Task requirements => Copy exactly the lines of the data below that run from the line holding "blk = doc.blocks.new('*D197')" through the line holding "blk = doc.blocks.new('*D198')", both ends included.

The records =>

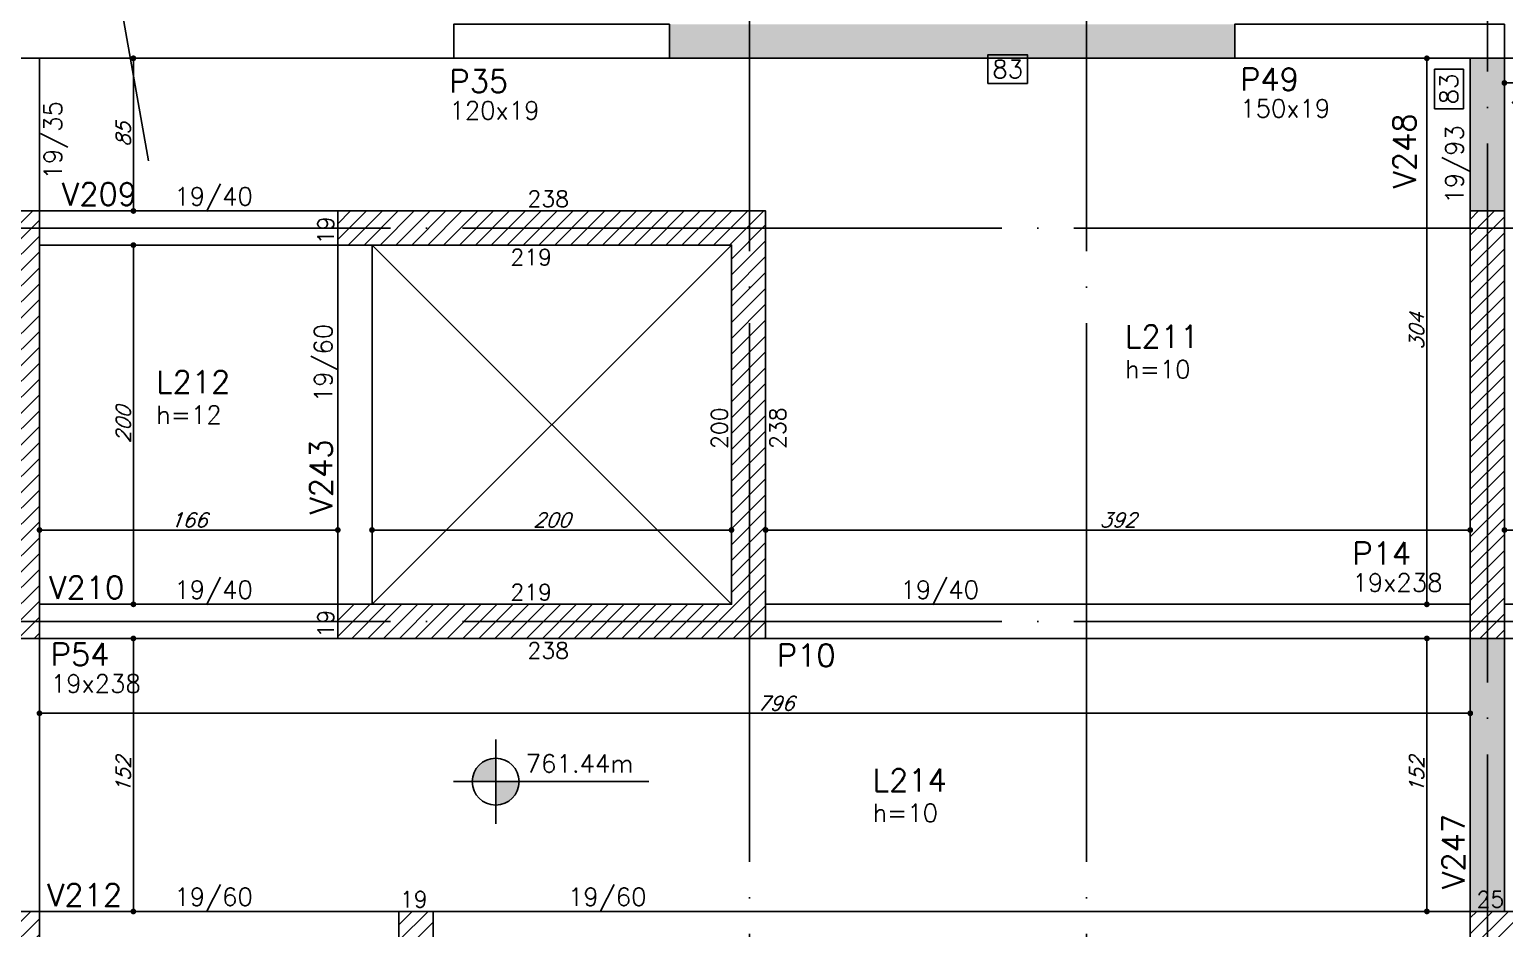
# Model space of a CAD drawing. Extents: x -4172 to 5483, y -2094 to 2406.
# Drawn here: x -206 to 615, y 484 to 985 of the extents above; entities that cross this region are included whole.
import ezdxf
from ezdxf.enums import TextEntityAlignment as Align

# ---------------------------------------------------------------- set-up
doc = ezdxf.new("R2010")
doc.units = 0
doc.header["$LTSCALE"] = 50
doc.header["$MEASUREMENT"] = 0
doc.linetypes.add('EIXO', pattern=[6.8, 6, -0.4, 0, -0.4])
doc.layers.get('0').update_dxf_attribs({"linetype": 'CONTINUOUS'})
doc.layers.get('DEFPOINTS').update_dxf_attribs({"linetype": 'CONTINUOUS'})
for name, color, linetype in [('F-AUX', 2, 'CONTINUOUS'), ('F-COTAS', 106, 'CONTINUOUS'), ('F-COTAS-FUROS', 50, 'CONTINUOUS'), ('F-DESNIVEL-1', 254, 'CONTINUOUS'), ('F-EIXO', 12, 'EIXO'), ('F-LAJES-DIM', 2, 'CONTINUOUS'), ('F-LAJES-NOME', 4, 'CONTINUOUS'), ('F-LAJES-R', 254, 'CONTINUOUS'), ('F-NÍVEL-PLANTA', 2, 'CONTINUOUS'), ('F-PILARES-DIM', 172, 'CONTINUOUS'), ('F-PILARES-HACH', 174, 'CONTINUOUS'), ('F-PILARES-M', 170, 'CONTINUOUS'), ('F-PILARES-NOME', 170, 'CONTINUOUS'), ('F-PILARES-S', 170, 'CONTINUOUS'), ('F-TEXTO', 6, 'CONTINUOUS'), ('F-VIGAS', 3, 'CONTINUOUS'), ('F-VIGAS-DIM', 2, 'CONTINUOUS'), ('F-VIGAS-NOME', 4, 'CONTINUOUS'), ('F-VÃO', 1, 'CONTINUOUS')]:
    doc.layers.add(name, color=color, linetype=linetype)
doc.layers.add('F-DESNIVEL-3', color=7, linetype='CONTINUOUS', true_color=0xd5c7ff)
doc.styles.add('CP-TEXT-INCL', font='romans.shx', dxfattribs={"oblique": 20})
doc.styles.add('MCP', font='romans.shx')
doc.styles.add('ROMANS', font='romans.shx')
doc.dimstyles.new('CP-COTAS-50', dxfattribs={"dimscale": 0.64, "dimtxt": 12.5, "dimasz": 5, "dimexe": 5, "dimexo": 5, "dimgap": 2.5, "dimtad": 1, "dimdec": 1, "dimdsep": 46, "dimtxsty": 'CP-TEXT-INCL', "dimblk1": 'DOT', "dimblk2": 'DOT', "dimsah": 1, "dimcen": 9, "dimclrd": 256, "dimclre": 256, "dimclrt": 256, "dimadec": 0, "dimazin": 0, "dimtfac": 1, "dimtdec": 1, "dimtmove": 2, "dimatfit": 3, "dimldrblk": 'DOT', "dimfxl": 0, "dimtolj": 1, "dimarcsym": 0})
doc.dimstyles.new('CP-COTAS-50-FUROS', dxfattribs={"dimscale": 0.64, "dimtxt": 12.5, "dimasz": 5, "dimexe": 5, "dimexo": 5, "dimgap": 2.5, "dimtad": 1, "dimdec": 0, "dimdsep": 46, "dimtxsty": 'CP-TEXT-INCL', "dimblk1": 'DOT', "dimblk2": 'DOT', "dimsah": 1, "dimcen": 9, "dimclrd": 256, "dimclre": 256, "dimclrt": 256, "dimadec": 0, "dimazin": 0, "dimtfac": 1, "dimtdec": 0, "dimtmove": 2, "dimatfit": 3, "dimldrblk": 'DOT', "dimfxl": 0, "dimtolj": 1, "dimarcsym": 0})

# ---------------------------------------------------------------- blocks, each defined once
blk = doc.blocks.new('*U10')
at = {"layer": 'F-VIGAS-DIM', "color": 1}
blk.add_lwpolyline([(0, 0), (22, 0), (22, 16), (0, 16)], close=True, dxfattribs=at)
at = {"layer": 'F-VIGAS-DIM', "style": 'MCP'}
blk.add_attdef('DIM', text='', height=10, dxfattribs=at).set_placement((11, 8), align=Align.MIDDLE_CENTER)
blk = doc.blocks.new('Nível - Planta')
at = {"layer": 'F-NÍVEL-PLANTA'}
h = blk.add_hatch(color=71, dxfattribs=at)
h.paths.add_polyline_path([(0, 0), (0, 0.26, 0.414214), (-0.26, 0)])
h.paths.add_polyline_path([(0.26, 0), (0, 0), (0, -0.26, 0.414214)])
for p, q in [((0, -0.469), (0, 0.469)), ((-0.469, 0), (1.704, 0))]:
    blk.add_line(p, q, dxfattribs=at)
blk.add_circle((0, 0), 0.26, dxfattribs=at)
at = {"layer": 'F-TEXTO', "color": 3, "style": 'MCP'}
blk.add_attdef('NÍVEL', (0.333, 0.102), '', height=0.2, dxfattribs=at)
blk = doc.blocks.new('*U19')
at = {"layer": 'F-EIXO'}
blk.add_line((0, 0), (7397, 0), dxfattribs=at)
at = {"layer": 'F-TEXTO', "style": 'ROMANS'}
blk.add_attdef('EIXO', text='', height=17.5, dxfattribs=at).set_placement((-28.2072, 0), align=Align.MIDDLE_CENTER)
blk = doc.blocks.new('*U25')
at = {"layer": 'F-EIXO'}
blk.add_line((0, 0), (7397, 0), dxfattribs=at)
at = {"layer": 'F-TEXTO', "style": 'ROMANS'}
blk.add_attdef('EIXO', text='', height=17.5, dxfattribs=at).set_placement((-28.2072, 0), align=Align.MIDDLE_CENTER)
blk = doc.blocks.new('*U26')
at = {"layer": 'F-EIXO'}
blk.add_line((0, 0), (0, -3377.88), dxfattribs=at)
at = {"layer": 'F-TEXTO', "style": 'ROMANS'}
blk.add_attdef('EIXO', text='', height=17.5, rotation=360, dxfattribs=at).set_placement((0, 28.21), align=Align.MIDDLE_CENTER)
blk = doc.blocks.new('*U28')
at = {"layer": 'F-EIXO'}
blk.add_line((0, 0), (0, -3477.88), dxfattribs=at)
at = {"layer": 'F-TEXTO', "style": 'ROMANS'}
blk.add_attdef('EIXO', text='', height=17.5, rotation=360, dxfattribs=at).set_placement((0, 28.21), align=Align.MIDDLE_CENTER)
blk = doc.blocks.new('*U29')
at = {"layer": 'F-EIXO'}
blk.add_line((0, 0), (0, -3377.88), dxfattribs=at)
at = {"layer": 'F-TEXTO', "style": 'ROMANS'}
blk.add_attdef('EIXO', text='', height=17.5, rotation=360, dxfattribs=at).set_placement((0, 28.21), align=Align.MIDDLE_CENTER)
blk = doc.blocks.new('_DOT')
at = {"color": 0, "linetype": 'ByBlock'}
blk.add_line((-0.5, 0), (-1, 0), dxfattribs=at)
at = {"color": 0, "linetype": 'ByBlock', "const_width": 0.5}
blk.add_lwpolyline([(-0.25, 0, 1), (0.25, 0, 1)], format="xyb", close=True, dxfattribs=at)
blk = doc.blocks.new('*D196')
at = {"layer": 'DEFPOINTS', "color": 0, "linetype": 'Continuous', "transparency": 16777216}
for p in [(615, 705.88), (615, 700.26), (1276, 700.26)]:
    blk.add_point(p, dxfattribs=at)
at = {"layer": 'F-COTAS', "linetype": 'Continuous', "lineweight": -2, "transparency": 16777216}
for p, q in [((615, 703.46), (615, 709.08)), ((1272.8, 705.88), (618.2, 705.88)), ((1276, 703.46), (1276, 709.08))]:
    blk.add_line(p, q, dxfattribs=at)
at = {"layer": 'F-COTAS', "linetype": 'Continuous', "lineweight": -2, "transparency": 16777216, "xscale": 3.2, "yscale": 3.2, "zscale": 3.2, "rotation": 180}
blk.add_blockref('_DOT', (615, 705.88), dxfattribs=at)
at = {"layer": 'F-COTAS', "linetype": 'Continuous', "lineweight": -2, "transparency": 16777216, "xscale": 3.2, "yscale": 3.2, "zscale": 3.2}
blk.add_blockref('_DOT', (1276, 705.88), dxfattribs=at)
at = {"layer": 'F-COTAS', "linetype": 'Continuous', "transparency": 16777216, "insert": (945.5, 711.48), "char_height": 8, "attachment_point": 5, "style": 'CP-TEXT-INCL'}
blk.add_mtext('\\A1;661', dxfattribs=at)
blk = doc.blocks.new('*D197')
at = {"layer": 'DEFPOINTS', "color": 0, "linetype": 'Continuous', "transparency": 16777216}
for p in [(204, 705.88), (204, 705.88), (596, 705.88)]:
    blk.add_point(p, dxfattribs=at)
at = {"layer": 'F-COTAS', "linetype": 'Continuous', "lineweight": -2, "transparency": 16777216}
blk.add_line((592.8, 705.88), (207.2, 705.88), dxfattribs=at)
at = {"layer": 'F-COTAS', "linetype": 'Continuous', "lineweight": -2, "transparency": 16777216, "xscale": 3.2, "yscale": 3.2, "zscale": 3.2, "rotation": 180}
blk.add_blockref('_DOT', (204, 705.88), dxfattribs=at)
at = {"layer": 'F-COTAS', "linetype": 'Continuous', "lineweight": -2, "transparency": 16777216, "xscale": 3.2, "yscale": 3.2, "zscale": 3.2}
blk.add_blockref('_DOT', (596, 705.88), dxfattribs=at)
at = {"layer": 'F-COTAS', "linetype": 'Continuous', "transparency": 16777216, "insert": (400, 711.48), "char_height": 8, "attachment_point": 5, "style": 'CP-TEXT-INCL'}
blk.add_mtext('\\A1;392', dxfattribs=at)
blk = doc.blocks.new('*D198')
at = {"layer": 'DEFPOINTS', "color": 0, "linetype": 'Continuous', "transparency": 16777216}
for p in [(-15, 705.88), (-15, 705.88), (185, 705.88)]:
    blk.add_point(p, dxfattribs=at)
at = {"layer": 'F-COTAS', "linetype": 'Continuous', "lineweight": -2, "transparency": 16777216}
blk.add_line((181.8, 705.88), (-11.8, 705.88), dxfattribs=at)
at = {"layer": 'F-COTAS', "linetype": 'Continuous', "lineweight": -2, "transparency": 16777216, "xscale": 3.2, "yscale": 3.2, "zscale": 3.2, "rotation": 180}
blk.add_blockref('_DOT', (-15, 705.88), dxfattribs=at)
at = {"layer": 'F-COTAS', "linetype": 'Continuous', "lineweight": -2, "transparency": 16777216, "xscale": 3.2, "yscale": 3.2, "zscale": 3.2}
blk.add_blockref('_DOT', (185, 705.88), dxfattribs=at)
at = {"layer": 'F-COTAS', "linetype": 'Continuous', "transparency": 16777216, "insert": (85, 711.48), "char_height": 8, "attachment_point": 5, "style": 'CP-TEXT-INCL'}
blk.add_mtext('\\A1;200', dxfattribs=at)
blk = doc.blocks.new('*D199')
at = {"layer": 'DEFPOINTS', "color": 0, "linetype": 'Continuous', "transparency": 16777216}
for p in [(-200, 705.88), (-200, 705.88), (-34, 705.88)]:
    blk.add_point(p, dxfattribs=at)
at = {"layer": 'F-COTAS', "linetype": 'Continuous', "lineweight": -2, "transparency": 16777216}
blk.add_line((-37.2, 705.88), (-196.8, 705.88), dxfattribs=at)
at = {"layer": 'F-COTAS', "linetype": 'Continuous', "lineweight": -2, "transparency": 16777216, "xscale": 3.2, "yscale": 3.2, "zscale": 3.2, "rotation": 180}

Task response =>
blk = doc.blocks.new('*D197')
at = {"layer": 'DEFPOINTS', "color": 0, "linetype": 'Continuous', "transparency": 16777216}
for p in [(204, 705.88), (204, 705.88), (596, 705.88)]:
    blk.add_point(p, dxfattribs=at)
at = {"layer": 'F-COTAS', "linetype": 'Continuous', "lineweight": -2, "transparency": 16777216}
blk.add_line((592.8, 705.88), (207.2, 705.88), dxfattribs=at)
at = {"layer": 'F-COTAS', "linetype": 'Continuous', "lineweight": -2, "transparency": 16777216, "xscale": 3.2, "yscale": 3.2, "zscale": 3.2, "rotation": 180}
blk.add_blockref('_DOT', (204, 705.88), dxfattribs=at)
at = {"layer": 'F-COTAS', "linetype": 'Continuous', "lineweight": -2, "transparency": 16777216, "xscale": 3.2, "yscale": 3.2, "zscale": 3.2}
blk.add_blockref('_DOT', (596, 705.88), dxfattribs=at)
at = {"layer": 'F-COTAS', "linetype": 'Continuous', "transparency": 16777216, "insert": (400, 711.48), "char_height": 8, "attachment_point": 5, "style": 'CP-TEXT-INCL'}
blk.add_mtext('\\A1;392', dxfattribs=at)
blk = doc.blocks.new('*D198')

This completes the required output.